Кира присела перед шкафом и стала вытаскивать тарелки, напевая себе под нос. Кухня на родительской даче давно уже исполняла роль еще и склада ненужных вещей. Здесь можно было найти все, что угодно, начиная от старых полотенец и до бабушкиного сервиза с чайником без носика. Зачем хранить чайник без носика, Кира никак не могла взять в толк. Но чем-то он был маме дорог, раз она до сих пор не выбросила его. За посудой в шкафу она увидела знакомую ажурную корзинку. Из нее их с Андреем осыпали конфетами на свадьбе. Как она здесь очутилась? Вся в пыли, тусклая и скучная в темном шкафу. Интересно, мама специально хранит ее или просто о ней все забыли? Даже атласный бант на ручке сохранился. Безмолвное свидетельство канувшего в Лету счастья. Кира прикусила губу. А ведь оно было – счастье, как бы много ошибок она потом ни наделала, это не перечеркивает того, что она была очень счастлива! Ох уж это прошлое...
Кира вытащила корзинку на свет и повертела в руках. Выбросить прямо сейчас? Или пусть живет? В конце концов, зачем она так старательно уничтожала все предметы, напоминающие об Андрее? Что хранит больше воспоминаний, чем сердце? Разве выброшенные на свалку вещи могут захватить с собой память? Пора уже спокойно воспринимать свое прошлое и не убегать от него. Услышав шаги, Кира запихнула корзинку подальше в глубь шкафа.
– Тебе помочь?
Папа зашел на кухню за ножом.
– Нет, уже иду.
– Я думал, ты не можешь отыскать тарелки в этом бардаке.
– Все, уже нашла. У вас тут целый склад. Архив, можно сказать.

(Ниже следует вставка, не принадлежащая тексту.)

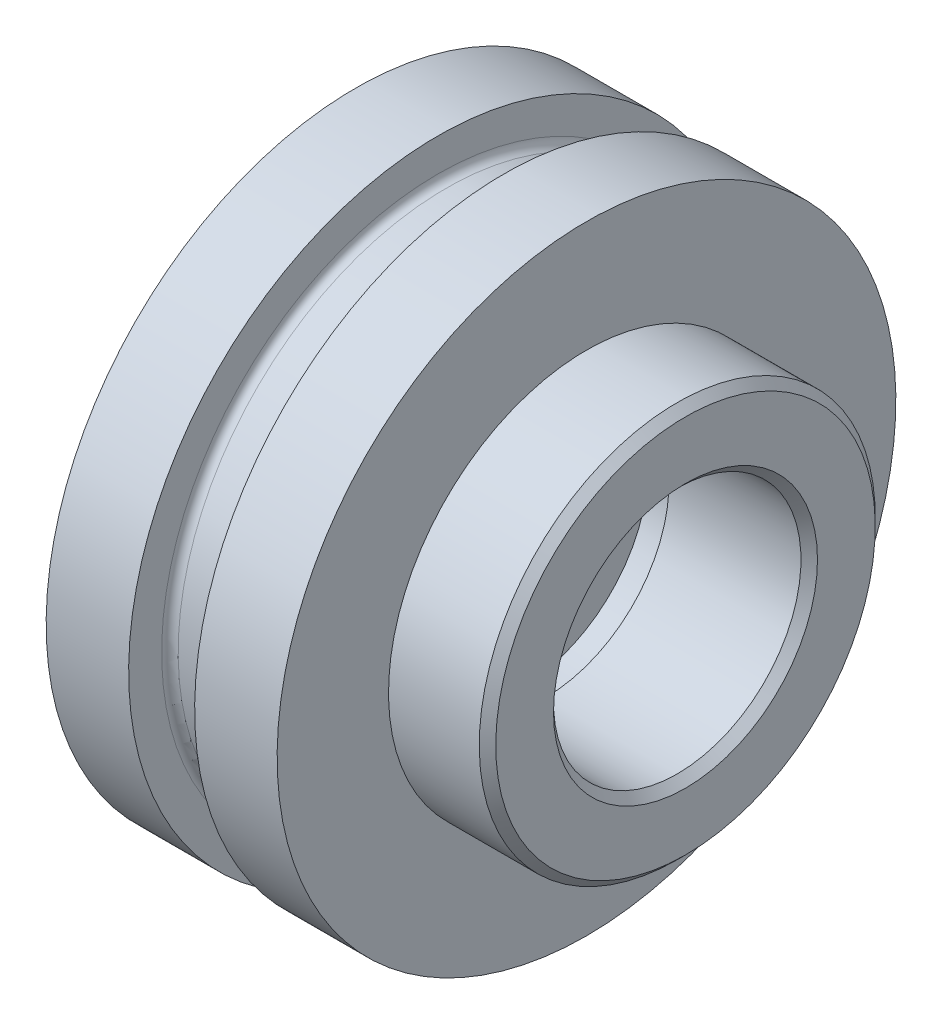
from build123d import *


with BuildPart() as part:
    # Эскиз1 → Повернуть1 (revolve)
    with BuildSketch(Plane.XY, mode=Mode.PRIVATE) as revolve_1_sk:
        with BuildLine():
            Line((0, 34.5), (0, 37.5))
            Line((0, 37.5), (10, 37.5))
            Line((10, 37.5), (10, 33.5))
            ThreePointArc((10, 33.5), (10.292893219, 32.792893219), (11, 32.5))
            Line((11, 32.5), (17, 32.5))
            ThreePointArc((17, 32.5), (17.707106781, 32.792893219), (18, 33.5))
            Line((18, 33.5), (18, 37.5))
            Line((18, 37.5), (28, 37.5))
            Line((28, 37.5), (28, 24))
            Line((28, 24), (39, 24))
            Line((39, 24), (40, 23))
            Line((40, 23), (40, 16))
            Line((40, 16), (39, 15))
            Line((39, 15), (23, 15))
            Line((23, 15), (23, 15.5))
            Line((23, 15.5), (20, 15.5))
            Line((20, 15.5), (20, 0))
            Line((20, 0), (2, 0))
            Line((2, 0), (2, 34.5))
            Line((2, 34.5), (0, 34.5))
        make_face()
    revolve(revolve_1_sk.sketch.rotate(Axis((2, 0, 0), (1, 0, 0)), 180), axis=Axis((2, 0, 0), (1, 0, 0)))


solid = part.part
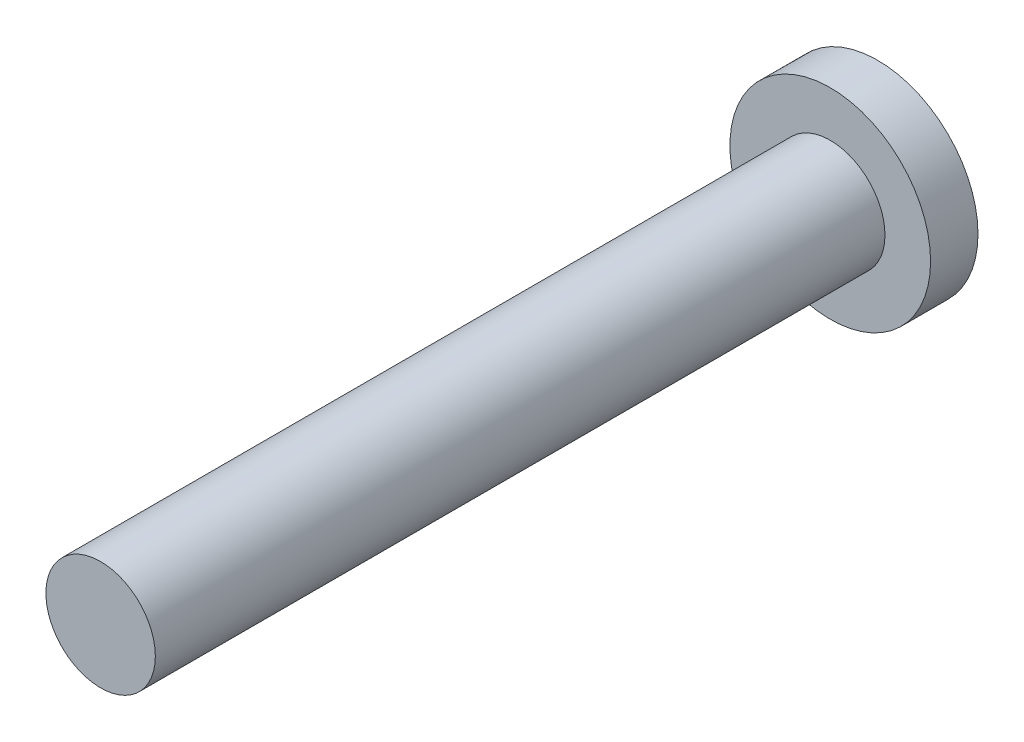
from build123d import *

# Parameters (mm, degrees)
ESQUISSE1_R        = 1.5
BOSS_EXTRU_1_DEPTH = 20
ESQUISSE2_R        = 2.75
BOSS_EXTRU_2_DEPTH = 1.3


with BuildPart() as part:
    # Esquisse1 → Boss.-Extru.1 (new body)
    with BuildSketch(Plane.XY):
        Circle(ESQUISSE1_R)
    extrude(amount=BOSS_EXTRU_1_DEPTH)

    # Esquisse2 → Boss.-Extru.2 (add)
    with BuildSketch(Plane.XY):
        Circle(ESQUISSE2_R)
    extrude(amount=-BOSS_EXTRU_2_DEPTH)


solid = part.part
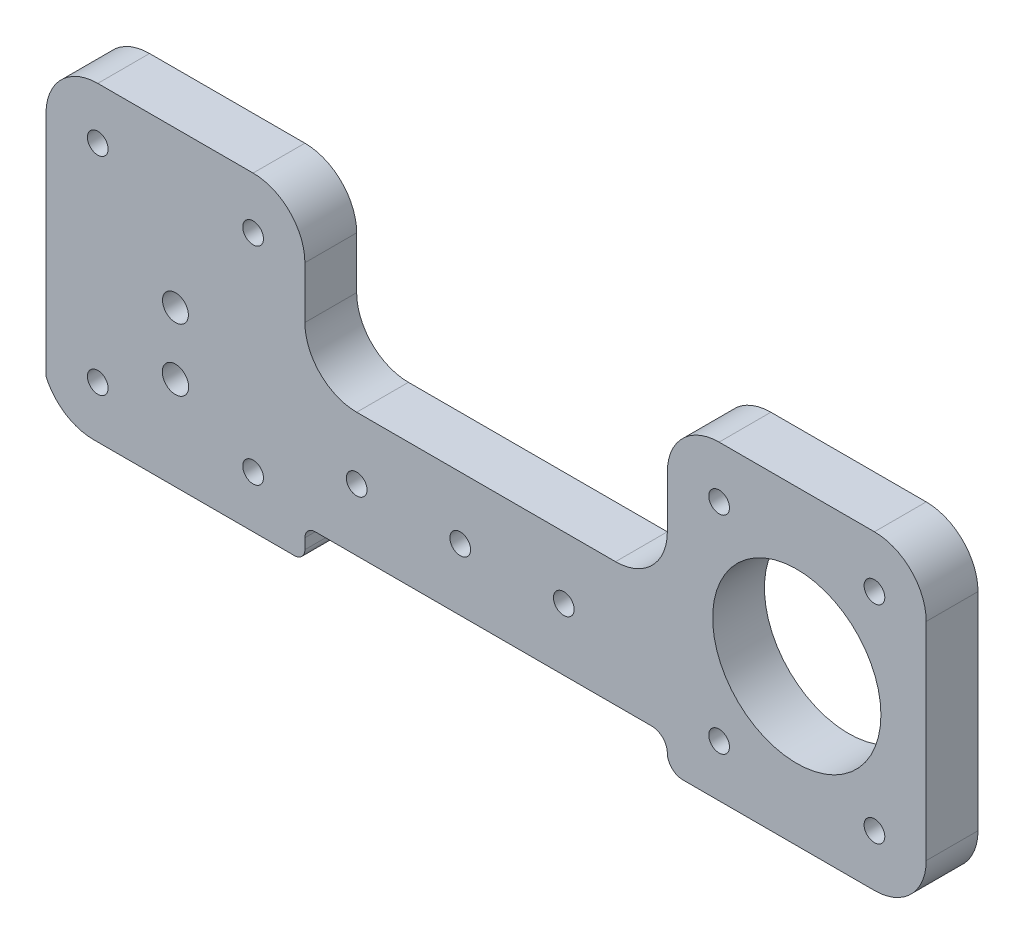
from build123d import *

# Parameters (mm, degrees)
MODEL_R             = 2
MODEL_R_2           = 2.5
MODEL_R_3           = 2.55
MODEL_R_4           = 16.25
BOSS_EXTRUDE1_DEPTH = 10


with BuildPart() as part:
    # Model → Boss-Extrude1 (new body)
    with BuildSketch(Plane.XY):
        with BuildLine():
            Line((-13.089430894, 50), (-13.089430894, 6))
            ThreePointArc((-13.089430894, 6), (-9.401505079, 1.633399735), (-3.924279504, 0))
            Line((-3.924279504, 0), (34.910569106, 0))
            ThreePointArc((34.910569106, 0), (36.324782668, 0.585786438), (36.910569106, 2))
            Line((36.910569106, 2), (36.910569106, 4))
            ThreePointArc((36.910569106, 4), (37.496355543, 5.414213562), (38.910569106, 6))
            Line((38.910569106, 6), (103.910569106, 6))
            ThreePointArc((103.910569106, 6), (106.031889449, 5.121320344), (106.910569106, 3))
            ThreePointArc((106.910569106, 3), (107.789248762, 0.878679656), (109.910569106, 0))
            Line((109.910569106, 0), (146.910569106, 0))
            ThreePointArc((146.910569106, 0), (153.981636918, 2.928932188), (156.910569106, 10))
            Line((156.910569106, 10), (156.910569106, 50))
            ThreePointArc((156.910569106, 50), (153.981636918, 57.071067812), (146.910569106, 60))
            Line((146.910569106, 60), (116.910569106, 60))
            ThreePointArc((116.910569106, 60), (109.839501294, 57.071067812), (106.910569106, 50))
            Line((106.910569106, 50), (106.910569106, 40))
            ThreePointArc((106.910569106, 40), (103.981636918, 32.928932188), (96.910569106, 30))
            Line((96.910569106, 30), (46.910569106, 30))
            ThreePointArc((46.910569106, 30), (39.839501294, 32.928932188), (36.910569106, 40))
            Line((36.910569106, 40), (36.910569106, 50))
            ThreePointArc((36.910569106, 50), (33.981636918, 57.071067812), (26.910569106, 60))
            Line((26.910569106, 60), (-3.089430894, 60))
            ThreePointArc((-3.089430894, 60), (-10.160498706, 57.071067812), (-13.089430894, 50))
        make_face()
        with Locations((26.910569106, 50)):
            Circle(MODEL_R, mode=Mode.SUBTRACT)
        with Locations((26.910569106, 10)):
            Circle(MODEL_R, mode=Mode.SUBTRACT)
        with Locations((11.910569106, 30)):
            Circle(MODEL_R_2, mode=Mode.SUBTRACT)
        with Locations((146.910569106, 50)):
            Circle(MODEL_R, mode=Mode.SUBTRACT)
        with Locations((86.910569106, 18)):
            Circle(MODEL_R, mode=Mode.SUBTRACT)
        with Locations((146.910569106, 10)):
            Circle(MODEL_R, mode=Mode.SUBTRACT)
        with Locations((116.910569106, 10)):
            Circle(MODEL_R, mode=Mode.SUBTRACT)
        with Locations((46.910569106, 18)):
            Circle(MODEL_R, mode=Mode.SUBTRACT)
        with Locations((66.910569106, 18)):
            Circle(MODEL_R, mode=Mode.SUBTRACT)
        with Locations((116.910569106, 50)):
            Circle(MODEL_R, mode=Mode.SUBTRACT)
        with Locations((11.910569106, 18)):
            Circle(MODEL_R_3, mode=Mode.SUBTRACT)
        with Locations((-3.089430894, 10)):
            Circle(MODEL_R, mode=Mode.SUBTRACT)
        with Locations((-3.089430894, 50)):
            Circle(MODEL_R, mode=Mode.SUBTRACT)
        with Locations((131.910569106, 30)):
            Circle(MODEL_R_4, mode=Mode.SUBTRACT)
    extrude(amount=BOSS_EXTRUDE1_DEPTH)


solid = part.part
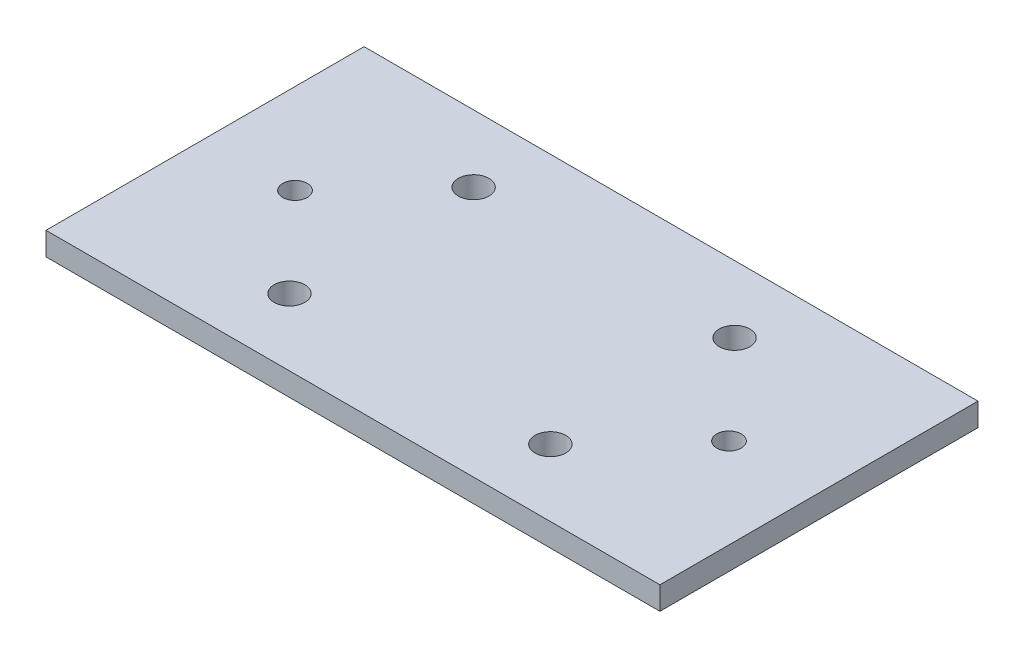
from build123d import *

# Parameters (mm, degrees)
SKETCH1_W           = 80
SKETCH1_H           = 41.449022954
SKETCH1_R           = 2
SKETCH1_R_2         = 1.6
BOSS_EXTRUDE1_DEPTH = 3


with BuildPart() as part:
    # Sketch1 → Boss-Extrude1 (new body)
    with BuildSketch(Plane(origin=(0, 0, 0), x_dir=(1, 0, 0), z_dir=(0, 1, 0))):
        with Locations((40, 20.724511477)):
            Rectangle(SKETCH1_W, SKETCH1_H)
        with Locations(Location((23, 32.724511477, 0), (0, 0, 270))):
            Circle(SKETCH1_R, mode=Mode.SUBTRACT)
        with Locations(Location((57, 32.724511477, 0), (0, 0, 270))):
            Circle(SKETCH1_R, mode=Mode.SUBTRACT)
        with Locations(Location((23, 8.724511477, 0), (0, 0, 270))):
            Circle(SKETCH1_R, mode=Mode.SUBTRACT)
        with Locations(Location((57, 8.724511477, 0), (0, 0, 270))):
            Circle(SKETCH1_R, mode=Mode.SUBTRACT)
        with Locations(Location((11.725819634, 20.724511477, 0), (0, 0, 270))):
            Circle(SKETCH1_R_2, mode=Mode.SUBTRACT)
        with Locations(Location((68.274180366, 20.724511477, 0), (0, 0, 270))):
            Circle(SKETCH1_R_2, mode=Mode.SUBTRACT)
    extrude(amount=BOSS_EXTRUDE1_DEPTH)


solid = part.part

– И не говори. Все не доходят руки разобрать этот хлам. Мама там занимает твоего молодого человека. Очень приятный парень, хочу тебе сказать. Держится так... с достоинством.
– Я рада, что он тебе понравился.
– Молод, конечно, очень.
– Но это же не было для тебя неожиданностью.
– Нет. Как и то, что ты диктуешь ему, как жить.
– Я? – Кира встала со стопкой тарелок в руках и уставилась на отца. – Я диктую?
– Конечно. Смотри, не увлекайся. Ты же знаешь, чем это может закончиться.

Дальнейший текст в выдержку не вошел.